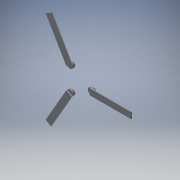
# Autodesk Inventor part: Cutting_Cable
Saved by Autodesk Inventor 2019 (Build 230136000, 136)
## iProperties
Created: 2019-03-03
Part Number: Cutting_Cable
Material: Generic
Document SubType Name: Modeling
Designer: alarr
Density: 1 g/cm^3
Appearance: Default
Author: alarr
Autodesk Inventor part; units mm, degrees
ref_plane "YZ Plane" through (0, 0, 0) normal (1, 0, 0) x (0, 1, 0)
ref_plane "XZ Plane" through (0, 0, 0) normal (0, 1, 0) x (-1, 0, 0)
sketch "Sketch1" plane through (0, 0, 0) normal (0, 0, 1) x (1, 0, 0)
  circle A0 centre (31.75, 0) radius 6.985 projected
  circle A1 centre (-15.875, -27.4963) radius 6.985 projected
  circle A2 centre (-15.875, 27.4963) radius 6.985 projected
  circle A3 centre (31.75, 0) radius 6.985
  circle A4 centre (-15.875, -27.4963) radius 6.985
  circle A5 centre (-15.875, 27.4963) radius 6.985
  point P0 (0, 0)
  constraints: 3 centre point, 3 coincident, 3 concentric
ref_plane "Work Plane1" through (-22.86, 20.5113, -5.08) normal (0, 0, 1) x (1, 0, 0)
extrude "Extrusion1" add sketch "Sketch1" against normal up to surface (5.08 mm away)
sketch "Sketch2" plane through (31.75, 0, 0) normal (0, 0, 1) x (1, 0, 0)
  circle A0 centre (-47.625, 27.4963) radius 6.985 projected
  circle A1 centre (-47.625, -27.4963) radius 6.985 projected
  circle A2 centre (0, 0) radius 6.985 projected
  line L0 (0, 6.985) -> (93.98, 6.985)
  line L1 (93.98, 6.985) -> (93.98, -6.985)
  line L2 (93.98, -6.985) -> (0, -6.985)
  line L3 (0, -6.985) -> (0, 6.985)
  point P0 (-31.75, 0)
  dimension "d2" = 93.98
  constraints: 8 end point, 3 horizontal, 2 parallel, 1 perpendicular, 1 vertical alignment, 1 other
  measures "d2" distance of L1.end L2.end
extrude "Extrusion2" add sketch "Sketch2" along normal blind 2.54 contours A2 L3 | A2 L0 L1 L2 picked at (1.4517, 1.8204)
pattern_circular "Circular Pattern1" count 3 over 360 about axis through (0, 0, -10) along (0, 0, 1) of "Extrusion2"
body "Solid1"
------------
:: Instructions to follow ::
Look above for lines with the word "point" and copy them all.

:: Written reply ::
  point P0 (0, 0)
  constraints: 3 centre point, 3 coincident, 3 concentric
  point P0 (-31.75, 0)
  constraints: 8 end point, 3 horizontal, 2 parallel, 1 perpendicular, 1 vertical alignment, 1 other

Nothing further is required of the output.